Gases are compressed in many different types of industrial facilities and for a variety of purposes. For example, air is compressed, cooled and introduced into one or more distillation columns in an air separation plant. In a liquefier, a gas is compressed and sufficiently cooled to a liquid. There are many other examples of industrial facilities in which gases are compressed.
In any facility, although a single compressor stage can be used to compress the gas, more typically, the gas is compressed in multiple, sequential compressor stages. The reason for this is as the gas is compressed, its temperature rises. The elevated gas temperature requires an increase in power to compress the gas. In a typical compressor installation utilizing individual stages, each stage uses a centrifugal compressor in which gases entering an inlet to the compressor are distributed to a vaned compressor wheel that rotates to accelerate the gas and thereby impart the energy of rotation to the gas. This increase in energy is accompanied by an increase in velocity and a pressure rise. The pressure is recovered in a vaned or vaneless diffuser that surrounds the compressor wheel and functions to decrease the velocity of the gas and thereby increase the gas pressure of the compressed gas. The compressed gas is discharged by a volute of spiral-like configuration that terminates in an outlet of the compressor. The gas is therefore discharged from the outlet at right angles to the incoming gas to be compressed.
Since the gas has been compressed, its temperature has also increased. The heated compressed gas is cooled between the compressor stages by intercoolers in which the heated compressed gas cools through indirect heat exchange with a coolant, for instance, air or water.
Typically, the multistage compressor installation described above is driven by a common gearbox having an electric motor driving a bull gear that in turn drives pinions that are connected to compressor shafts that rotate the compressor wheels. Since the gas is gradually compressed from stage to stage, each compressor pinion may rotate at a different speed and torque related to the pressure rise to be accomplished in a particular stage on that pinion. This arrangement is particularly advantageous in an air separation plant in which it is desirable for a common plant design to be utilized with different gearing arrangements that can be used to meet production requirements for a particular plant. Additionally, since an air separation plant requires refrigeration that is generated by turboexpanders, the work of expansion can easily be recovered by gearing between the turboexpander and the bull gear. The disadvantage of such arrangement is that since the compression stages are arranged around the bull gear, the piping or conduits connecting the stages to the intercoolers can become quite convoluted. Each bend in the conduits results in a pressure drop due to turbulence induced in the flow by the change in direction of the gas within the bend. Additionally, the conduits lead directly to the intercoolers, a rapid increase in flow area results at the connection of the conduits to the intercooler. This rapid increase in flow area also results in a pressure drop due to the resulting turbulence that is induced into the flow. Also, mal-distributions in flow can occur in the intercooler such that not all of the heat exchange passages are utilized effectively.

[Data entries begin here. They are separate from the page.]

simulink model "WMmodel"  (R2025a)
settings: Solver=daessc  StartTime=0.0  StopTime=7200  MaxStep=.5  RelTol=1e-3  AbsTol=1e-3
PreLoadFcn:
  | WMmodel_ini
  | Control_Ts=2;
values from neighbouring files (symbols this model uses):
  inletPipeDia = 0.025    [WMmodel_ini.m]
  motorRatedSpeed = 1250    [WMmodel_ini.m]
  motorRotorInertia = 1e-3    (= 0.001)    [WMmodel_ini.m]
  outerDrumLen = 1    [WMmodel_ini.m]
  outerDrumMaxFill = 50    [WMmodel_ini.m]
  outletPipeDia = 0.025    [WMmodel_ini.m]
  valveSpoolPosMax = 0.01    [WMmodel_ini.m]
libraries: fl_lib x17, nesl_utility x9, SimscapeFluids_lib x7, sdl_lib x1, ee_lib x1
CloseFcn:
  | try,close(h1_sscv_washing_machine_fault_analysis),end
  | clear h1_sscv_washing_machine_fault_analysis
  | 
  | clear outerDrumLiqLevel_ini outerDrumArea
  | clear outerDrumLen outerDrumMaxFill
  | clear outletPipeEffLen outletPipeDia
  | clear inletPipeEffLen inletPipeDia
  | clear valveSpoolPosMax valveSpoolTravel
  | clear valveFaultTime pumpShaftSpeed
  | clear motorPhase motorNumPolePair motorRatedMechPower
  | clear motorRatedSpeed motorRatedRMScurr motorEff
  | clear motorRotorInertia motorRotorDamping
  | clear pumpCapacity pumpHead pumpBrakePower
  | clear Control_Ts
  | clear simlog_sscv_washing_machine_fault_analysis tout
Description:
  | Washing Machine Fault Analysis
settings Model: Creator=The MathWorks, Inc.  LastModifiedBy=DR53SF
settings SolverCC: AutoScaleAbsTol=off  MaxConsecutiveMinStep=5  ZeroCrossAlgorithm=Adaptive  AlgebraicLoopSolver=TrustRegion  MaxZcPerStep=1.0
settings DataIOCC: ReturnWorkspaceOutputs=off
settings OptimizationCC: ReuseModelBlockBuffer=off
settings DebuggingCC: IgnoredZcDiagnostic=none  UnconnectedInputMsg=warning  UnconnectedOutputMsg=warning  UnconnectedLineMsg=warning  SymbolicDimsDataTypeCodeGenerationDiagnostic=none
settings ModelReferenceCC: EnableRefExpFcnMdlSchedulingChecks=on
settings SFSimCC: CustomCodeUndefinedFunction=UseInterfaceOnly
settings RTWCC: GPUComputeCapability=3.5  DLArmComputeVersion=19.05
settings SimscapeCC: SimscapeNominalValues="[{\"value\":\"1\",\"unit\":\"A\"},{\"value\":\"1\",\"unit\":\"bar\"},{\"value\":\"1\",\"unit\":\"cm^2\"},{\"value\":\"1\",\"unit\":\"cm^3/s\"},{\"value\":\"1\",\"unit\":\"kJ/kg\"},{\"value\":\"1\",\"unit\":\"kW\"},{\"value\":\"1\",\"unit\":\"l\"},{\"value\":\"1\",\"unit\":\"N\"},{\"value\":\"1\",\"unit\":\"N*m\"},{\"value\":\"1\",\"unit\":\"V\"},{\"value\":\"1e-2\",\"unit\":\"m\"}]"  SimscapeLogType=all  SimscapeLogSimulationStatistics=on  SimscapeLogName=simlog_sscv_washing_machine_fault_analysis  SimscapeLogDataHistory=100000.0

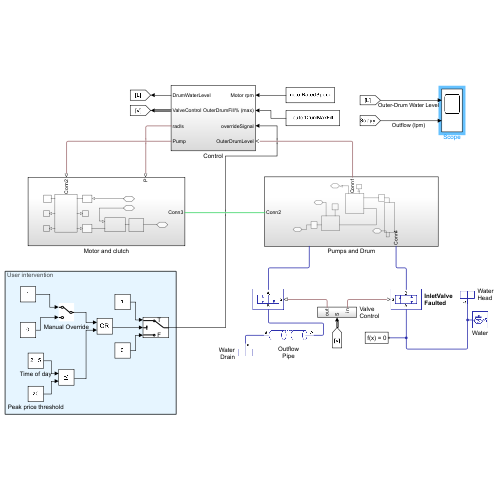
[thumbnail: Simulink's stored preview of the top-level diagram]
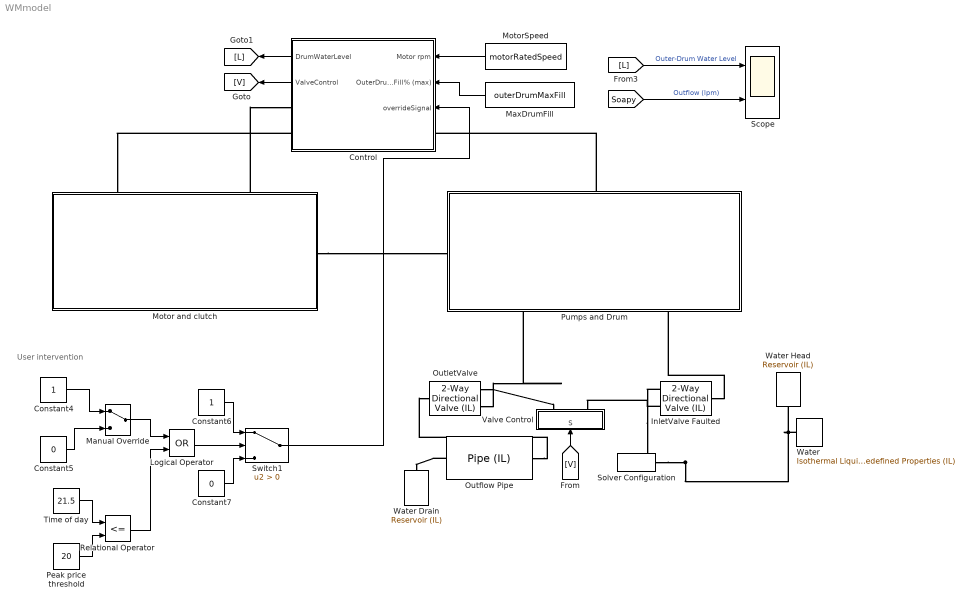
== system WMmodel ==
  note: User intervention
  Constant4 : Constant
  Constant5 : Constant  Value=0
  Constant6 : Constant
  Constant7 : Constant  Value=0
  Control : Subsystem
  InletValve Faulted : SimscapeFluids_lib/Isothermal Liquid/Valves & Orifices/Directional Control Valves/2-Way Directional Valve (IL)  valve_spec=fluids.isothermal_liquid.valves_orifices.directional_control_valves.enum.directional_valve_spec.linear  S_max=valveSpoolPosMax m  del_S_max=valveSpoolTravel m  area_max=(pi/4)*inletPipeDia^2 m^2  area_leak=1e-10 m^2  del_S_TLU=[0, .002, .004, .007, .017] m  orifice_area_TLU=[1e-09, 2.0352e-07, 4.0736e-05, .00011438, .00034356] m^2  del_S_vol_flow_TLU=[0, .002, .004, .007, .017] m  p_diff_TLU=[.003, .05, .7] MPa  vol_flow_TLU=1e-3 * [1.7e-05, 2e-05, 2.6e-05; .0035, .0045, .0053; .7, .9, 1.06; 1.96, 2.5, 3; 6, 7.7, 9.13] m^3/s  Cd=0.64  Re_c=150  smoothing_factor=0.01  pressure_recovery=simscape.enum.onoff.off  area=inf m^2
      settings: InternalSimscapePortConfiguration="{\"Bottom\":[{\"id\":\"B\",\"label\":\"B\",\"type\":\"foundation.isothermal_liquid.isothermal_liquid\"}],\"Left\":[{\"id\":\"S\",\"label\":\"S\",\"type\":\"input\"}],\"Right\":[],\"Top\":[{\"id\":\"A\",\"label\":\"A\",\"type\":\"foundation.isothermal_liquid.isothermal_liquid\"}]}"
  Logical Operator : Logic  Operator=OR  AllPortsSameDT=off  OutDataTypeStr=boolean
  Manual Override : ManualSwitch
  MaxDrumFill : Constant  Value=outerDrumMaxFill  SampleTime=Control_Ts
  Motor and clutch : Subsystem
      settings: PortSchema="{\"entries\":[{\"content\":{\"sides\":[{\"content\":{},\"type\":\"ConnectorPlacement.EquallySpacedRectSide\",\"uuid\":\"2cb3139e-4bf3-4635-b004-e0199a90a34f\"},{\"content\":{\"connectorIds\":[\"RConn1\"],\"side\":\"RIGHT\"},\"type\":\"ConnectorPlacement.EquallySpacedRectSide\",\"uuid\":\"0fa1d438-5e01-49a5-a846-ce380dc8e568\"},{\"content\":{\"connectorIds\":[\"LConn1\",\"LConn2\"],\"side\":\"TOP\"},\"type\":\"ConnectorPlacement.EquallySpacedRectSide\",\"uuid\":\"2360d654-7a91-4e53-9178-c914f2ea5ea3\"}]},\"type\":\"ConnectorPlacement.EquallySpacedConnector\",\"uuid\":\"18350a3b-7253-46c1-a86d-3a50888f0ef8\"}],\"packageUris\":[\"http://schema.mathworks.com/mf0/Connector/R2020b\"],\"version\":\"1.0\"}"
  MotorSpeed : Constant  Value=motorRatedSpeed  SampleTime=Control_Ts
  Outflow Pipe : SimscapeFluids_lib/Isothermal Liquid/Pipes & Fittings/Pipe (IL)  dynamic_compressibility=simscape.enum.onoff.off  inertia=simscape.enum.onoff.off  num_segments=1  pipe_length=outletPipeEffLen m  cross_section_geometry=fluids.isothermal_liquid.pipes_fittings.enum.cross_section_geometry.circular  pipe_diameter=outletPipeDia m  pipe_inner_diameter=0.05 m  pipe_outer_diameter=0.1 m  pipe_width=0.1 m  pipe_height=0.1 m  pipe_major_axis=0.1 m  pipe_minor_axis=0.05 m  pipe_side=0.1 m  pipe_angle=30 deg  pipe_area=0.01 m^2  Dh=0.1128 m  elevation_spec=foundation.enum.constant_variable.constant  elevation_gain=0 m  gravity_spec=foundation.enum.constant_variable.constant  g=9.81 m/s^2  pressure_loss_spec=fluids.isothermal_liquid.pipes_fittings.enum.pressure_loss_spec.haaland  mdot_nominal=[.1, 1] kg/s  p_diff_nominal=[.001, .01] MPa  mdot_threshold=1e-6 kg/s  local_pressure_loss_spec=fluids.isothermal_liquid.pipes_fittings.enum.local_loss_spec.aggregate_length  length_add=1 m  loss_coefficient=0.1  roughness_spec=fluids.isothermal_liquid.pipes_fittings.enum.roughness_spec.commercial_pipe  roughness=15e-6 m  Re_friction_TLU=[400, 1000, 1500, 3000, 4000, 6000, 10000, 20000, 40000, 60000, 100000, 100000000]  friction_factor_TLU=[.264, .112, .071, .0417, .0387, .0268, .025, .0232, .0226, .022, .0214, .0214]  Re_lam=2000  Re_tur=4000  shape_factor=64  pipe_wall_spec=fluids.isothermal_liquid.pipes_fittings.enum.wall_spec.rigid  vol_expansion_spec=fluids.isothermal_liquid.pipes_fittings.enum.vol_expansion_spec.area  area_pressure_gain=1e-6 m^2/MPa  static_pressure_TLU=[.1, 1] MPa  area_pressure_gain_TLU=[1e-05, 1.1e-05] m^2  material_behavior_spec=fluids.isothermal_liquid.pipes_fittings.enum.PipeMaterialBehavior.Linear  diameter_pressure_gain=1e-6 m/MPa  wall_thickness=0.05 m  elastic_modulus=69 GPa  stress_TLU=[276, 310] MPa  strain_TLU=[.004, .02]  stress_assert_action=simscape.enum.assert.action.none  stress_max=400 MPa  poisson_ratio=0.33  wall_time_constant=0.01 s  p0=0.101325 MPa  mdot0=0 kg/s
      settings: InternalSimscapePortConfiguration="{\"Bottom\":[],\"Left\":[{\"id\":\"A\",\"label\":\"A\",\"type\":\"foundation.isothermal_liquid.isothermal_liquid\"}],\"Right\":[{\"id\":\"B\",\"label\":\"B\",\"type\":\"foundation.isothermal_liquid.isothermal_liquid\"}],\"Top\":[]}"
  OutletValve : SimscapeFluids_lib/Isothermal Liquid/Valves & Orifices/Directional Control Valves/2-Way Directional Valve (IL)  valve_spec=fluids.isothermal_liquid.valves_orifices.directional_control_valves.enum.directional_valve_spec.linear  S_max=valveSpoolPosMax m  del_S_max=valveSpoolTravel m  area_max=(pi/4)*outletPipeDia^2 m^2  area_leak=1e-10 m^2  del_S_TLU=[0, .002, .004, .007, .017] m  orifice_area_TLU=[1e-09, 2.0352e-07, 4.0736e-05, .00011438, .00034356] m^2  del_S_vol_flow_TLU=[0, .002, .004, .007, .017] m  p_diff_TLU=[.003, .05, .7] MPa  vol_flow_TLU=1e-3 * [1.7e-05, 2e-05, 2.6e-05; .0035, .0045, .0053; .7, .9, 1.06; 1.96, 2.5, 3; 6, 7.7, 9.13] m^3/s  Cd=0.64  Re_c=150  smoothing_factor=0.01  pressure_recovery=simscape.enum.onoff.off  area=inf m^2
      settings: InternalSimscapePortConfiguration="{\"Bottom\":[{\"id\":\"B\",\"label\":\"B\",\"type\":\"foundation.isothermal_liquid.isothermal_liquid\"}],\"Left\":[{\"id\":\"S\",\"label\":\"S\",\"type\":\"input\"}],\"Right\":[],\"Top\":[{\"id\":\"A\",\"label\":\"A\",\"type\":\"foundation.isothermal_liquid.isothermal_liquid\"}]}"
  Peak price threshold : Constant  Value=20
  Pumps and Drum : Subsystem
      settings: PortSchema="{\"entries\":[{\"content\":{\"sides\":[{\"content\":{\"connectorIds\":[\"LConn1\"]},\"type\":\"ConnectorPlacement.EquallySpacedRectSide\",\"uuid\":\"b631024b-b03a-4ba5-88ab-f74a9126b18e\"},{\"content\":{\"side\":\"RIGHT\"},\"type\":\"ConnectorPlacement.EquallySpacedRectSide\",\"uuid\":\"3fd644d5-b563-41d8-9687-2eeaabd5b41f\"},{\"content\":{\"connectorIds\":[\"LConn2\"],\"side\":\"TOP\"},\"type\":\"ConnectorPlacement.EquallySpacedRectSide\",\"uuid\":\"584c2d8d-6c1b-48df-bb3f-7aaa8986bf0f\"},{\"content\":{\"connectorIds\":[\"RConn1\",\"RConn2\"],\"side\":\"BOTTOM\"},\"type\":\"ConnectorPlacement.EquallySpacedRectSide\",\"uuid\":\"c0a6f7af-5a5a-4250-abd1-d4c5b47363d7\"}]},\"type\":\"ConnectorPlacement.EquallySpacedConnector\",\"uuid\":\"531ac8a9-248c-40a4-8545-6bc81e2e4632\"}],\"packageUris\":[\"http://schema.mathworks.com/mf0/Connector/R2020b\"],\"version\":\"1.0\"}"
  Relational Operator : RelationalOperator  Operator=<=  OutDataTypeStr=boolean  RndMeth=Simplest  InputSameDT=off
  Scope : Scope  NumInputPorts=2
      settings: ActiveDisplayYMinimum=-0.01080540819902244  ActiveDisplayYMaximum=0.56392239287112012  YLabel=Level (m)
  Solver Configuration : nesl_utility/Solver Configuration  PhysicalDomain=network_engine_domain  SubClassName=solver  LeftPortType=input  RightPortType=generic  Tones=[]  Harmonics=[]  SimulateNoise=off  Profile=off  UseLocalSampling=off  EnableSwitchedLinearOptims=on  FrequencyDomain=off  UseCCode=off  RelTol=0.001  AbsTol=1e-06  MinStep=1e-09  ToWorkspace=off  RevertToSquareIcSolve=off  NumHomotopyIterations=100  PhasorMode=off  PhasorModeNumHarmonics=1  ConsistencySolver=NEWTON_FTOL  IndexReductionMethod=DerivativeReplacement  DoDC=off  ResidualTolerance=1e-9  ConsistencyTolSource=GLOBAL  ConsistencyAbsTol=0.001  ConsistencyRelTol=0.001  ConsistencyTolFactor=0.001  UseLocalSolver=off  LocalSolverChoice=NE_BACKWARD_EULER_ADVANCER  ResolveIndetEquations=on  FunctionEvalNumThread=1  LocalSolverSampleTime=.5  DoFixedCost=off  MaxNonlinIter=50  MaxModeIter=2  ComputeImpulses=off  ImpulseIterations=2  LinearAlgebra=auto  LinearAlgebraNumThread=0  EquationFormulation=NE_TIME_EF  DelaysMemoryBudget=1024  AutomaticFiltering=off  FilteringTimeConstant=0.001  PartitionStorageMethod=AS_NEEDED  PartitionMemoryBudget=1024  PartitionMethod=FAST  MultibodyUseLocalSolver=off  MultibodyLocalSolverChoice=ODE1  MultibodyLocalSolverSampleTime=0.001
  Switch1 : Switch  Criteria=u2 > Threshold  SaturateOnIntegerOverflow=off  InputSameDT=off
  Time of day : Constant  Value=21.5
  Valve Control : Subsystem
  Water : SimscapeFluids_lib/Isothermal Liquid/Utilities/Isothermal Liquid Predefined Properties (IL)  fluid_list=fluids.isothermal_liquid.utilities.enum.isothermal_liquid_fluid_list.water  concentration_param_EG=fluids.isothermal_liquid.utilities.enum.isothermal_liquid_concentration.volume_fraction  concentration_param_PG=fluids.isothermal_liquid.utilities.enum.isothermal_liquid_concentration.volume_fraction  c_mass_SW=3.5e-3  c_mass_EG=0.1  c_mass_PG=0.1  c_mass_GL=0.1  c_vol_EG=0.1  c_vol_PG=0.1  beta_L_atm_EG=2.1791 GPa  beta_L_atm_PG=2.1791 GPa  beta_L_atm_GL=2.1791 GPa  p_min_EG=0.01 MPa  p_min_PG=0.01 MPa  p_min_GL=0.01 MPa  T=293.15 K  derate_coeff=1  p_atm=0.101325 MPa  properties_range_check=simscape.enum.assert.action.error  air_fraction=0  polytropic_index=1.0  rho_g_atm=1.225 kg/m^3  air_dissolution_model=simscape.enum.onoff.off  p_crit=3 MPa
      settings: InternalSimscapePortConfiguration="{\"Bottom\":[],\"Left\":[],\"Right\":[{\"id\":\"A\",\"label\":\"\",\"type\":\"foundation.isothermal_liquid.isothermal_liquid\"}],\"Top\":[]}"
  Water Drain : fl_lib/Isothermal Liquid/Elements/Reservoir (IL)  reservoir_type=foundation.enum.constant_controlled.constant  pressure_spec=foundation.enum.pressure_spec.atmospheric  reservoir_pressure=0.101325 MPa
  Water Head : fl_lib/Isothermal Liquid/Elements/Reservoir (IL)  reservoir_type=foundation.enum.constant_controlled.constant  pressure_spec=foundation.enum.pressure_spec.specified  reservoir_pressure=.11 MPa
  wires:
  MaxDrumFill/1 -> Control/2(OuterDrumFill% (max))
  [Soapy] -> Scope/2  "Outflow (lpm)"
  Control/2(ValveControl) -> [V]
  [V] -> Valve Control/1(S)
  MotorSpeed/1 -> Control/1(Motor rpm)
  Control/1(DrumWaterLevel) -> [L]
  [L] -> Scope/1  "Outer-Drum Water Level"
  Constant5/1 -> Manual Override/2
  Constant6/1 -> Switch1/1
  Relational Operator/1 -> Logical Operator/2
  Time of day/1 -> Relational Operator/1
  Constant7/1 -> Switch1/3
  Logical Operator/1 -> Switch1/2
  Manual Override/1 -> Logical Operator/1
  Constant4/1 -> Manual Override/1
  Peak price threshold/1 -> Relational Operator/2
  Switch1/1 -> Control/3(overrideSignal)
  connections:
  Water/RConn1 -- InletValve Faulted/LConn2 -- Solver Configuration/RConn1 -- Water Head/LConn1
  OutletValve/LConn1 -- Valve Control/RConn1
  Outflow Pipe/LConn1 -- OutletValve/RConn1
  Outflow Pipe/RConn1 -- Water Drain/LConn1
  InletValve Faulted/LConn1 -- Valve Control/RConn2
  Motor and clutch/LConn2 -- Control/RConn1
  Control/RConn2 -- Motor and clutch/LConn1
  Pumps and Drum/LConn2 -- Control/LConn1
  Motor and clutch/RConn1 -- Pumps and Drum/LConn1
  OutletValve/LConn2 -- Pumps and Drum/RConn1
  InletValve Faulted/RConn1 -- Pumps and Drum/RConn2

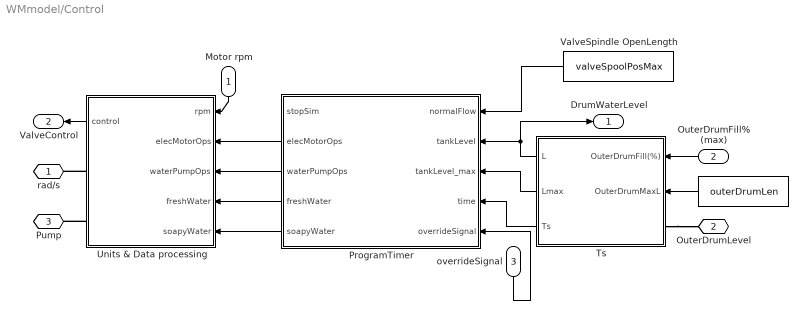
== system WMmodel/Control ==
  Motor rpm : Inport
  OuterDrumFill% (max) : Inport  Port=2
  overrideSignal : Inport  Port=3
  "  " : Constant  Value=outerDrumLen  SampleTime=Control_Ts
  ProgramTimer : MATLAB Function  TreatAsAtomicUnit=on
  Ts : Subsystem
  Units & Data processing : Subsystem
  ValveSpindle OpenLength : Constant  Value=valveSpoolPosMax  SampleTime=Control_Ts
  rad/s : PMIOPort  Side=Right
  OuterDrumLevel : PMIOPort  Port=2  Side=Left
  Pump : PMIOPort  Port=3  Side=Right
  DrumWaterLevel : Outport
  ValveControl : Outport  Port=2
  wires:
  ValveSpindle OpenLength/1 -> ProgramTimer/1(normalFlow)
  ProgramTimer/2(elecMotorOps) -> Units & Data processing/2(elecMotorOps)
  ProgramTimer/3(waterPumpOps) -> Units & Data processing/3(waterPumpOps)
  ProgramTimer/4(freshWater) -> Units & Data processing/4(freshWater)
  ProgramTimer/5(soapyWater) -> Units & Data processing/5(soapyWater)
  Units & Data processing/1(control) -> ValveControl/1
  Motor rpm/1 -> Units & Data processing/1(rpm)
  Ts/1(L) -> ProgramTimer/2(tankLevel), DrumWaterLevel/1
  OuterDrumFill% (max)/1 -> Ts/1(OuterDrumFill(%))
  "  "/1 -> Ts/2(OuterDrumMaxL)
  Ts/2(Lmax) -> ProgramTimer/3(tankLevel_max)
  Ts/3(Ts) -> ProgramTimer/4(time)
  overrideSignal/1 -> ProgramTimer/5(overrideSignal)
  connections:
  Units & Data processing/RConn1 -- rad/s/RConn1
  Units & Data processing/RConn2 -- Pump/RConn1
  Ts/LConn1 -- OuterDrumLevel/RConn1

Another disadvantage of the arrangement discussed above is that there are irreversible heat loses in gearboxes used in housing the bull gear and pinions. Further, since the torque is transmitted in a geared arrangement, there are certain mechanical requirements for the size of gear teeth resulting in limitations in the size of the pinions and therefore, speed that can be induced in each of the compression stages. These limitations are overcome through utilization of variable speed electric motors driving each of the compression stages individually. An example of this is shown in US Patent Application No. 2007/0189905 that is specifically designed to overcome the limitations discussed directly above. However, in this patent application, there is no appreciation of the pressure drops that can be induced due to the connection of the intercoolers with the compression stages.
As will be discussed, the present invention provides a compressor installation utilizing centrifugal compressors and interstage cooling in which each of the compressors is independently driven and positioned in a manner that incorporates low pressure drop connections between the stages and to the intercoolers located between stages.